A Mysterious Case of Chills, Fatigue & Body Aches
A true story about a disease in our own backyards
ICYMI 👉
Today I’m thrilled to present a guest post from my dear friend Alyse Graham. It’s a cautionary tale about a mosquito-borne illness in our own backyards.
Let me know what you think in the comments section, and please share it widely!
❤️ Lucy
A true story
It’s back to school time, so I’ll start this guest post with a quick pop-quiz: what living creature has caused more human deaths over the course of history than any other?
Bear?
Shark?
Killer bee?
Answer: the mosquito.
Five years ago, I found out what a serious punch those little f*ckers can pack. In late July 2019, I was a healthy and active middle-aged woman enjoying a summer of bike riding and backyard cookouts when I suffered a sudden bout of severe back and leg pain with no obvious explanation. When the pain became excruciating, my son took me to the emergency room where I was evaluated, then promptly sent home with ibuprofen and a pat on the head.
Over the next few days, the pain turned into a nearly complete loss of motor function in my left leg. Sitting in a chair, I could not lift my leg at all, not even a millimeter, no matter how much my brain willed it to move. When I tried to walk, my left leg dragged behind me. It was an incredibly odd feeling to “hear “my brain telling my leg to do something – something I had done many times a day my whole life – and to have my leg simply not respond.
The left leg paralysis sent me back to the ER, where I started developing strange viral symptoms – chills, fatigue, and body aches, but no fever or respiratory symptoms. I was in the hospital for five days, during which I developed troubling cardiac symptoms including bradycardia (a dangerously low heart rate). At the hospital, I was seen daily by alternating — but frustratingly (despite many requests) never simultaneous – visits from neurologists and infectious disease specialists. I had two spinal taps and multiple blood tests, but the doctors were stumped. There was still no diagnosis — and no ability to move my left leg — however I was deemed stable enough to go home on a strong dose of oral steroids.
The hardest part of the following week wasn’t the multiple spine and brain MRIs, the neurologist and cardiologist visits, or the few nights of searing nerve pain; it was still not having a diagnosis. I desperately wanted to Google the hell out of something – anything – to understand what was going on, but the doctors seemed only to be able to tell me what I did not have. (One doctor opened our appointment saying, “I thought it might be MS (multiple sclerosis),” only to clarify that the tell-tale markers for MS were not on my MRI. Yes, I wish she had led with that). Finally my husband, dutifully checking the various electronic patient portals with my test results, screamed out “It’s West Nile Virus!” It was one of my very last hospital tests – and the result came back positive.
A Medical Education
I would soon learn that although West Nile Virus (WNV) was the cause of my condition, it was only the start of my odyssey.
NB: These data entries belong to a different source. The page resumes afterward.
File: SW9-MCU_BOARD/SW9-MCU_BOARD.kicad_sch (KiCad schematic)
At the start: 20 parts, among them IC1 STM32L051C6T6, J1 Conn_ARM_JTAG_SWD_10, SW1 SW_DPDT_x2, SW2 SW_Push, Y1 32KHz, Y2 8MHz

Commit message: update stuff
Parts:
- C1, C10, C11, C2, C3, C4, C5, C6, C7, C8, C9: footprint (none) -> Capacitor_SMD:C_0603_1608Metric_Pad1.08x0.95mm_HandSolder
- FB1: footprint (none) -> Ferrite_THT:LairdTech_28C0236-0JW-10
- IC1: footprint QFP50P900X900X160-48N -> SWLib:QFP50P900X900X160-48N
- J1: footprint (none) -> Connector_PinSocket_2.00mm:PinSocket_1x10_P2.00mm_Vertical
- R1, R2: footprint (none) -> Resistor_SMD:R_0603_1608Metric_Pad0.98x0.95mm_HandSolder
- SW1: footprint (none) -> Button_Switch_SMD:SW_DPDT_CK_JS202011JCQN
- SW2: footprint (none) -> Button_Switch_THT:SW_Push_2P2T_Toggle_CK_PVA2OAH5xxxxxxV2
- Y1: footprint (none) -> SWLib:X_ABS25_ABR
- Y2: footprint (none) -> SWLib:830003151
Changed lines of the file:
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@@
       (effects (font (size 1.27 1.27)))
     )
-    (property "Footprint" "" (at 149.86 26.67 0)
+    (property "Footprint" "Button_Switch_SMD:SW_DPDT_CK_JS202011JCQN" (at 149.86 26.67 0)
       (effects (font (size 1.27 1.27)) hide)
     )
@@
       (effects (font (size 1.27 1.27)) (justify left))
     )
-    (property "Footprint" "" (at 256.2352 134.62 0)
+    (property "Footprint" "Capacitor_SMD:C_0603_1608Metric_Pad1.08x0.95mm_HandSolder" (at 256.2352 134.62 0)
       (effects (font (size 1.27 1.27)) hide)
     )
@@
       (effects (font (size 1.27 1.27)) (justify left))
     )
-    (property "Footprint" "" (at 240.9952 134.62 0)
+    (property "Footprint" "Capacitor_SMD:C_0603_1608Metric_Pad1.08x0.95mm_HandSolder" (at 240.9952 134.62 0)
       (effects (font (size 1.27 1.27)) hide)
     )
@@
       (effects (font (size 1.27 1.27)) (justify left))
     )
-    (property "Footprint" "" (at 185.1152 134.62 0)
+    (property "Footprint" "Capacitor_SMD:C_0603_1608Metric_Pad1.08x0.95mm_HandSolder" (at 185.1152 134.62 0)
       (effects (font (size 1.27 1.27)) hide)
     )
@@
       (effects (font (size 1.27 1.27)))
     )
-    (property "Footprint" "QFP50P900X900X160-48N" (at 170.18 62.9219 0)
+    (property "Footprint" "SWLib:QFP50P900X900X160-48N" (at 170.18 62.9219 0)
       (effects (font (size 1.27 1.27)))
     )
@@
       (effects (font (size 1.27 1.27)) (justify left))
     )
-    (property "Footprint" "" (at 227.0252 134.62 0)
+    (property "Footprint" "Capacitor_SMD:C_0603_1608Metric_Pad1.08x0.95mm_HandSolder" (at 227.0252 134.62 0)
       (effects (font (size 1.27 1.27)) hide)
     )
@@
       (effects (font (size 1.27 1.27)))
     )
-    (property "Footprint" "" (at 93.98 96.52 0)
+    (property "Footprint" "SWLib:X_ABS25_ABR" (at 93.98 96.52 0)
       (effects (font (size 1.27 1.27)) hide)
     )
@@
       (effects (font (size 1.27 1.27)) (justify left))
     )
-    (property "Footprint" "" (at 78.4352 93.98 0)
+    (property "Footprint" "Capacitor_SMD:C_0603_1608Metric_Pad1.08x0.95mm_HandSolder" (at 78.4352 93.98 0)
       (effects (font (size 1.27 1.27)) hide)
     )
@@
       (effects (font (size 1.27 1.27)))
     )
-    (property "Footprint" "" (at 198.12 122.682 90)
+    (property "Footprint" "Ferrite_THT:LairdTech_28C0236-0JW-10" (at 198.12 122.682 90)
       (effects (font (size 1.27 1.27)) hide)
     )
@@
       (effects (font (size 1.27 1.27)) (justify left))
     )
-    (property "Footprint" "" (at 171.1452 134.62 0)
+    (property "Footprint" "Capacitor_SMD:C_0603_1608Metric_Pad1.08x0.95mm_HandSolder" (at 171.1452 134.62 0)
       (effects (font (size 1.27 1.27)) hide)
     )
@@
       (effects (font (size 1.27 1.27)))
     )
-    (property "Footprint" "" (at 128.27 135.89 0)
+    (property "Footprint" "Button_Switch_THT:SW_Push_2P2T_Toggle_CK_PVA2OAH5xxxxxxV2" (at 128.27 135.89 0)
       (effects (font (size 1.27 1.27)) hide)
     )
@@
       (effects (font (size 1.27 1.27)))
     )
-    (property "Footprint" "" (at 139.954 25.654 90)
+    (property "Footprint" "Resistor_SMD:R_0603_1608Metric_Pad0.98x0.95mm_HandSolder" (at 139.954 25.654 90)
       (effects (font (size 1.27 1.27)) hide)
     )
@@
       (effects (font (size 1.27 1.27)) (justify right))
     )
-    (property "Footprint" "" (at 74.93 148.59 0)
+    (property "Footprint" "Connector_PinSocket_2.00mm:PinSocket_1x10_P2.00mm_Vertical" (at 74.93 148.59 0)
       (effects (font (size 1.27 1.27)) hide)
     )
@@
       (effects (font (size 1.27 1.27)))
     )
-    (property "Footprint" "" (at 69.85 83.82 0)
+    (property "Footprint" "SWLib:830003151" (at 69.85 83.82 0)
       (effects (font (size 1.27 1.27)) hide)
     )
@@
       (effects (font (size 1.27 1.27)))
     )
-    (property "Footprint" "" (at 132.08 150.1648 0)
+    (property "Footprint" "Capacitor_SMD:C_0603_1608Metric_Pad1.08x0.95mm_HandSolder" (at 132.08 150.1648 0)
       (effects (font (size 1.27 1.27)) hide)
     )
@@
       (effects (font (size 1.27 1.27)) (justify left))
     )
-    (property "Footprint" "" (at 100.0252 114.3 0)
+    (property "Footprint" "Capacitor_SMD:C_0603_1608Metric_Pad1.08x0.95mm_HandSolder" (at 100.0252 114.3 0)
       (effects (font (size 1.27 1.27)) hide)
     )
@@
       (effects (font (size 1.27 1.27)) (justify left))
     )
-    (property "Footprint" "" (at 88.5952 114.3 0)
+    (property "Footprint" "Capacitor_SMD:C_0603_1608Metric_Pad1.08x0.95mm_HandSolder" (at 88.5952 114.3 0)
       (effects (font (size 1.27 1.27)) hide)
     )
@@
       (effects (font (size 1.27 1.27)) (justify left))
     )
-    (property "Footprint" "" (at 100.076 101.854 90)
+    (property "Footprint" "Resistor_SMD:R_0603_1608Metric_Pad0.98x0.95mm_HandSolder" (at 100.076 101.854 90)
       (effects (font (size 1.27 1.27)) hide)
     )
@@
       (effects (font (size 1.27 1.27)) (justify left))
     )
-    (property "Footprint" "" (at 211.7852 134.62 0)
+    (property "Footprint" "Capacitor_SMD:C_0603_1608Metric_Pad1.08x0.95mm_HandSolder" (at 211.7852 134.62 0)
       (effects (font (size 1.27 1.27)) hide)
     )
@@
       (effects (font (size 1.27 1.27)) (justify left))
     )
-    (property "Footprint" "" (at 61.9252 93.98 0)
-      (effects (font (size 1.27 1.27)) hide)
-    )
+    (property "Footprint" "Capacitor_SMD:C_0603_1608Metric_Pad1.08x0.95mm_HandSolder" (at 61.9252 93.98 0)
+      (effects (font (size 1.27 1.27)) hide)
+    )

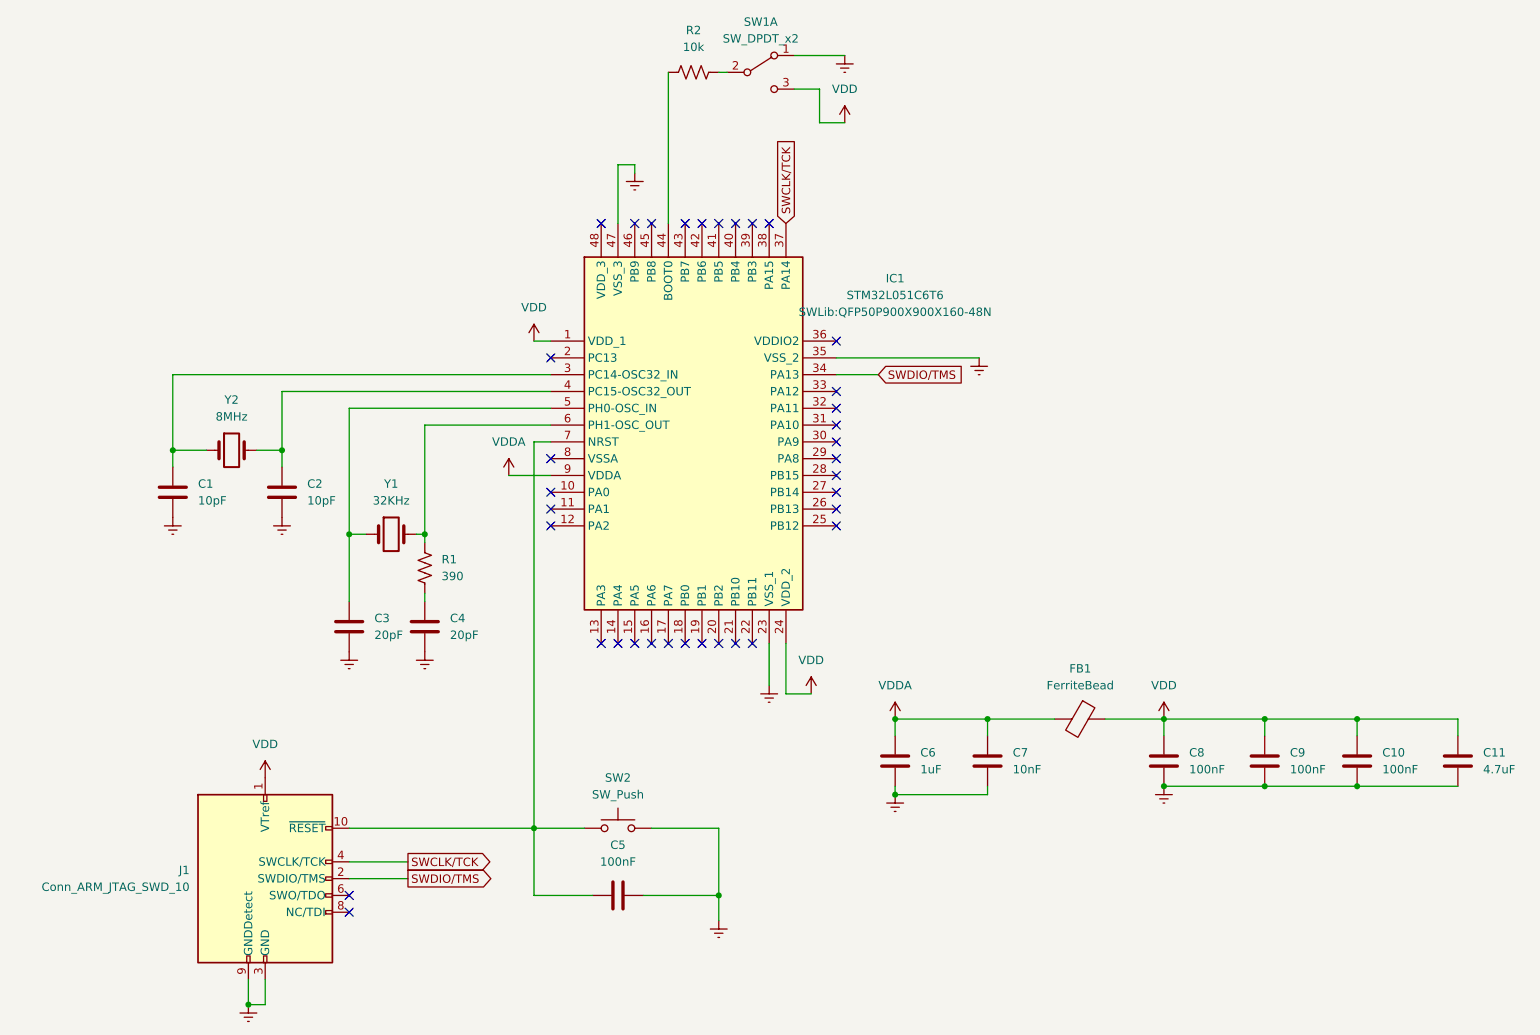
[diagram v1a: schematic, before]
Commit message: change footprints for oscillators
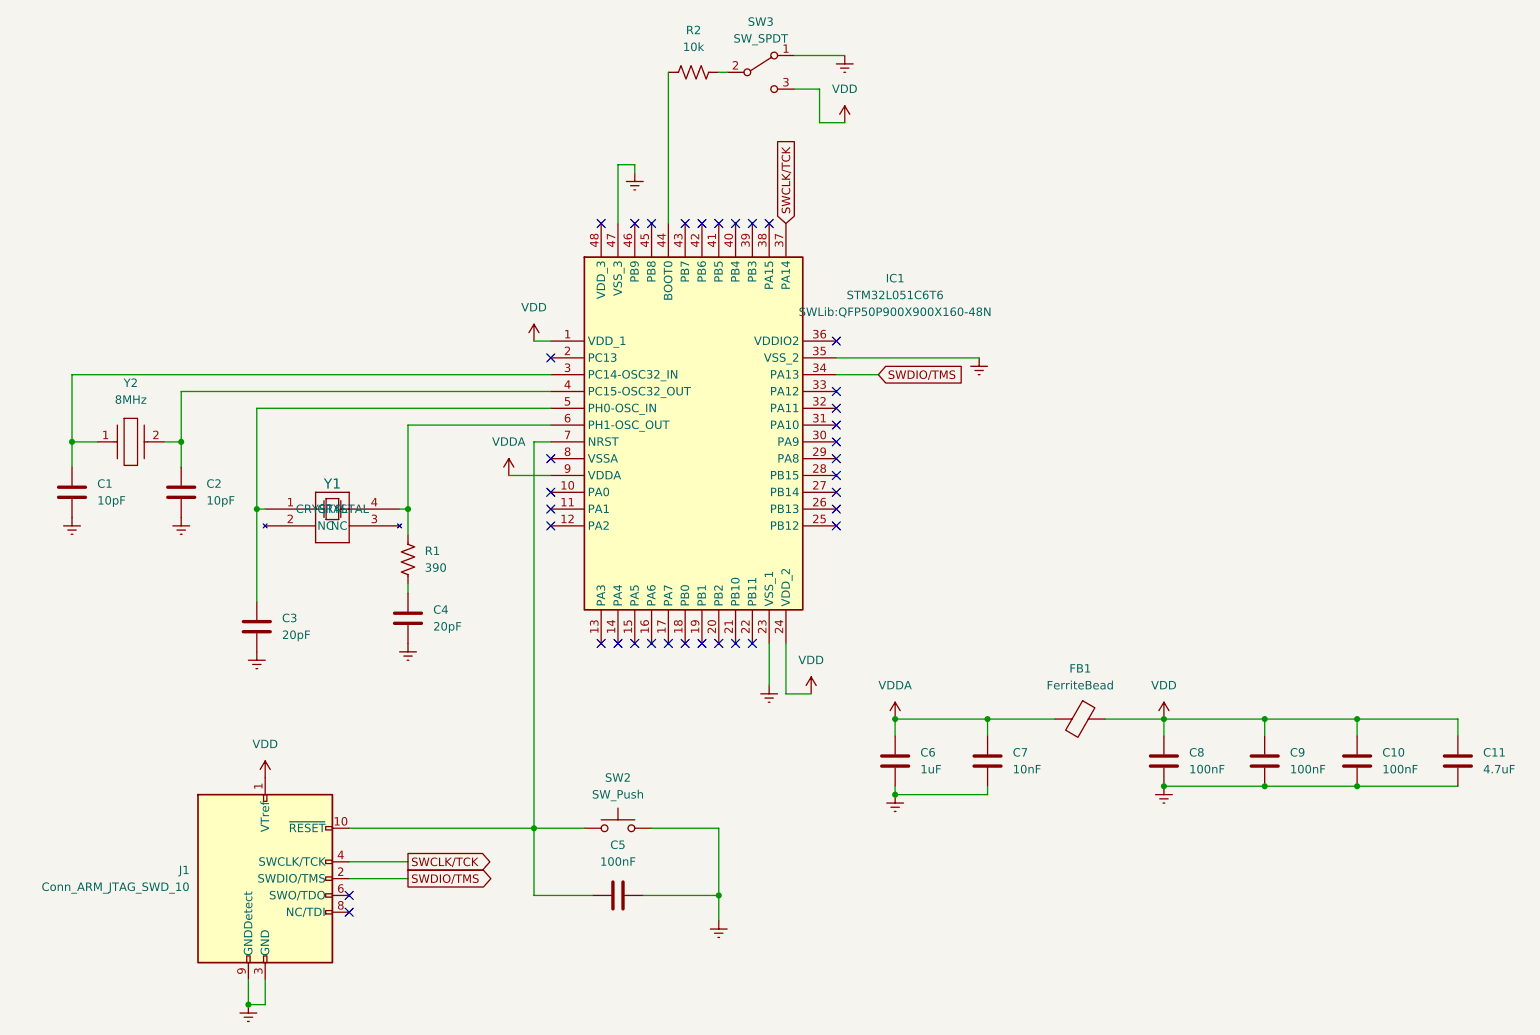
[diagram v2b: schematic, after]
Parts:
- removed SW1: SW_DPDT_x2, Button_Switch_SMD:SW_DPDT_CK_JS202011JCQN, symbol Switch:SW_DPDT_x2
- removed Y1: 32KHz, SWLib:X_ABS25_ABR, symbol Device:Crystal
- removed Y2: 8MHz, SWLib:830003151, symbol Device:Crystal
- added SW3: SW_SPDT, Button_Switch_SMD:SW_SPDT_PCM12, symbol Switch:SW_SPDT
- added Y1: ABS25-32.768KHZ-6-T, SWLib:X_ABS25_ABR, symbol SWLib:ABS25-32.768KHZ-6-T
- added Y2: 8MHz, SWLib:830003151, symbol SWLib:830003151
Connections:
- net Earth: now also SW3.1 (A)
- net VDD: now also SW3.3 (C)
- net at R2.2: now also SW3.2 (B)
- net at C1.1, IC1.3 (PC14-OSC32_IN): now also Y2.1
- net at C2.1, IC1.4 (PC15-OSC32_OUT): now also Y2.2
- net at C3.1, IC1.5 (PH0-OSC_IN): now also Y1.1 (CRYSTAL)
- net at IC1.6 (PH1-OSC_OUT), R1.1: now also Y1.4 (CRYSTAL)
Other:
- moved on the sheet: C1, C2, C3, C4, R1

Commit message: some changes ig???
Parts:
- FB1: footprint Ferrite_THT:LairdTech_28C0236-0JW-10 -> Inductor_SMD:L_0201_0603Metric_Pad0.64x0.40mm_HandSolder
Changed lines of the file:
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@@
       (effects (font (size 1.27 1.27)))
     )
-    (property "Footprint" "Ferrite_THT:LairdTech_28C0236-0JW-10" (at 198.12 122.682 90)
+    (property "Footprint" "Inductor_SMD:L_0201_0603Metric_Pad0.64x0.40mm_HandSolder" (at 198.12 122.682 90)
       (effects (font (size 1.27 1.27)) hide)
     )

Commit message: more routing
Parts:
- removed C10: 100nF, Capacitor_SMD:C_0603_1608Metric_Pad1.08x0.95mm_HandSolder, symbol Device:C
- renumbered C11 to C10
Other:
- moved on the sheet: C10
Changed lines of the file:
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@@
   (junction (at 170.18 124.46) (diameter 0) (color 0 0 0 0)
   )
-  (junction (at 240.03 124.46) (diameter 0) (color 0 0 0 0)
-  )
   (junction (at 226.06 134.62) (diameter 0) (color 0 0 0 0)
   )
@@
   )
   (junction (at 184.15 124.46) (diameter 0) (color 0 0 0 0)
-  )
-  (junction (at 240.03 134.62) (diameter 0) (color 0 0 0 0)
   )
   (junction (at 96.52 92.71) (diameter 0) (color 0 0 0 0)
@@
     (stroke (width 0) (type default))
   )
-  (wire (pts (xy 240.03 124.46) (xy 240.03 127))
-    (stroke (width 0) (type default))
-  )
   (wire (pts (xy 161.29 72.39) (xy 167.64 72.39))
     (stroke (width 0) (type default))
@@
     (stroke (width 0) (type default))
   )
-  (wire (pts (xy 226.06 134.62) (xy 240.03 134.62))
-    (stroke (width 0) (type default))
-  )
   (wire (pts (xy 201.93 124.46) (xy 210.82 124.46))
     (stroke (width 0) (type default))
@@
     (stroke (width 0) (type default))
   )
-  (wire (pts (xy 240.03 124.46) (xy 255.27 124.46))
-    (stroke (width 0) (type default))
-  )
   (wire (pts (xy 226.06 124.46) (xy 226.06 127))
     (stroke (width 0) (type default))
@@
     (stroke (width 0) (type default))
   )
-  (wire (pts (xy 240.03 134.62) (xy 255.27 134.62))
+  (wire (pts (xy 226.06 134.62) (xy 241.3 134.62))
     (stroke (width 0) (type default))
   )
@@
     (stroke (width 0) (type default))
   )
-  (wire (pts (xy 255.27 124.46) (xy 255.27 127))
+  (wire (pts (xy 241.3 124.46) (xy 241.3 127))
     (stroke (width 0) (type default))
   )
@@
     (stroke (width 0) (type default))
   )
-  (wire (pts (xy 226.06 124.46) (xy 240.03 124.46))
+  (wire (pts (xy 226.06 124.46) (xy 241.3 124.46))
     (stroke (width 0) (type default))
   )
@@
     )
   )
-  (symbol (lib_id "Device:C") (at 255.27 130.81 0) (unit 1)
+  (symbol (lib_id "Device:C") (at 241.3 130.81 0) (unit 1)
     (in_bom yes) (on_board yes) (dnp no) (fields_autoplaced)
-    (property "Reference" "C11" (at 259.08 129.54 0)
+    (property "Reference" "C10" (at 245.11 129.54 0)
       (effects (font (size 1.27 1.27)) (justify left))
     )
-    (property "Value" "4.7uF" (at 259.08 132.08 0)
+    (property "Value" "4.7uF" (at 245.11 132.08 0)
       (effects (font (size 1.27 1.27)) (justify left))
     )
-    (property "Footprint" "Capacitor_SMD:C_0603_1608Metric_Pad1.08x0.95mm_HandSolder" (at 256.2352 134.62 0)
-      (effects (font (size 1.27 1.27)) hide)
-    )
-    (property "Datasheet" "~" (at 255.27 130.81 0)
-      (effects (font (size 1.27 1.27)) hide)
-    )
-    (pin "2")
-    (pin "1")
-    (instances
-      (project "SW9-MCU_BOARD"
-        (path "/98be697d-8cf2-4efe-bafa-8172d9e478e0"
-          (reference "C11") (unit 1)
-        )
-      )
-    )
-  )
-  (symbol (lib_id "Device:C") (at 240.03 130.81 0) (unit 1)
-    (in_bom yes) (on_board yes) (dnp no) (fields_autoplaced)
-    (property "Reference" "C10" (at 243.84 129.54 0)
-      (effects (font (size 1.27 1.27)) (justify left))
-    )
-    (property "Value" "100nF" (at 243.84 132.08 0)
-      (effects (font (size 1.27 1.27)) (justify left))
-    )
-    (property "Footprint" "Capacitor_SMD:C_0603_1608Metric_Pad1.08x0.95mm_HandSolder" (at 240.9952 134.62 0)
-      (effects (font (size 1.27 1.27)) hide)
-    )
-    (property "Datasheet" "~" (at 240.03 130.81 0)
-      (effects (font (size 1.27 1.27)) hide)
-    )
+    (property "Footprint" "Capacitor_SMD:C_0603_1608Metric_Pad1.08x0.95mm_HandSolder" (at 242.2652 134.62 0)
+      (effects (font (size 1.27 1.27)) hide)
+    )
+    (property "Datasheet" "~" (at 241.3 130.81 0)
+      (effects (font (size 1.27 1.27)) hide)
+    )

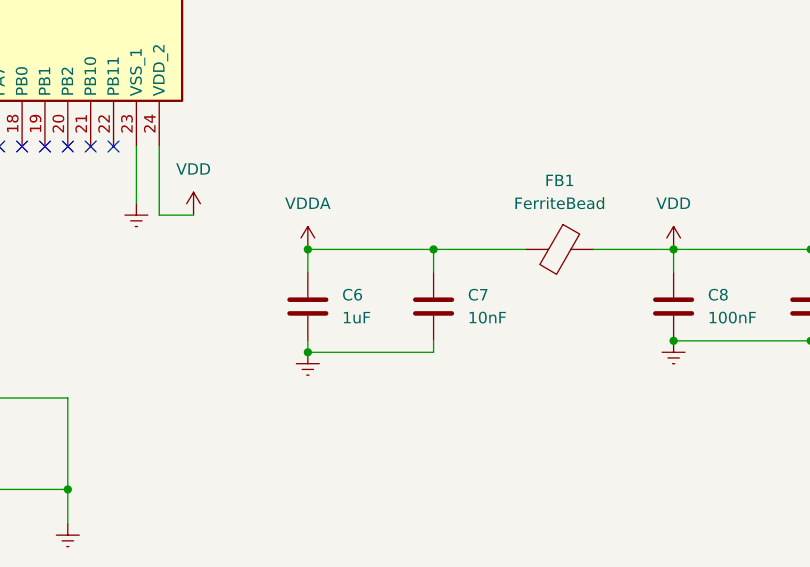
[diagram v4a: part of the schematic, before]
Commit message: change earth to gnd
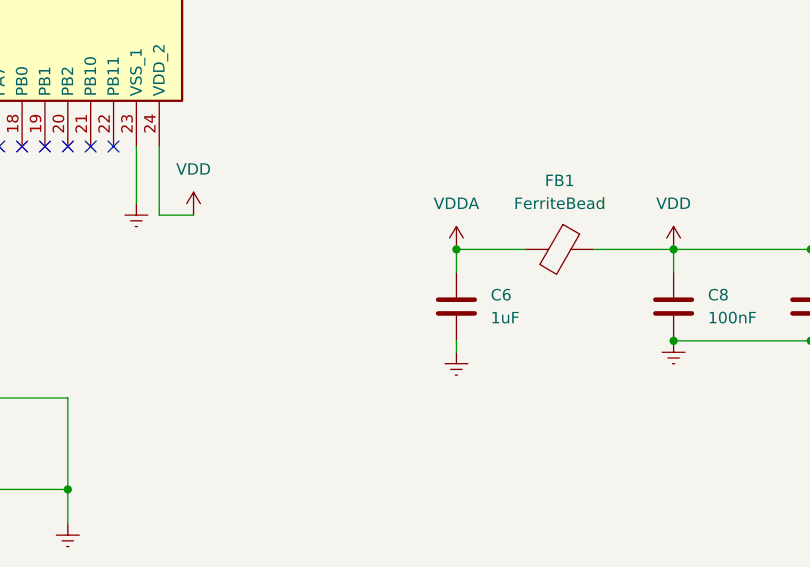
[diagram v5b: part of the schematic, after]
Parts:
- removed C7: 10nF, Capacitor_SMD:C_0603_1608Metric_Pad1.08x0.95mm_HandSolder, symbol Device:C
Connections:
- net Earth renamed GND
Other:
- moved on the sheet: C6

The virus is transmitted through a mosquito bite, which pushes the virus into the bloodstream. From there, WNV can have a range of symptoms from none at all (about 70% of cases are asymptomatic) to mild flu-like symptoms to a full viral wallop of chills and severe body- and headaches.
But in a small minority of cases – about 1 out of 150 – the virus becomes “neuro-invasive,” meaning it inflames the central nervous system, attacking neurons in the brain and/or spinal cord. In my case, this spinal cord injury caused me to lose the motor function in my left leg. In other cases – particularly in the elderly – it can lead to more serious neurological damage, including brain swelling, organ failure, and death.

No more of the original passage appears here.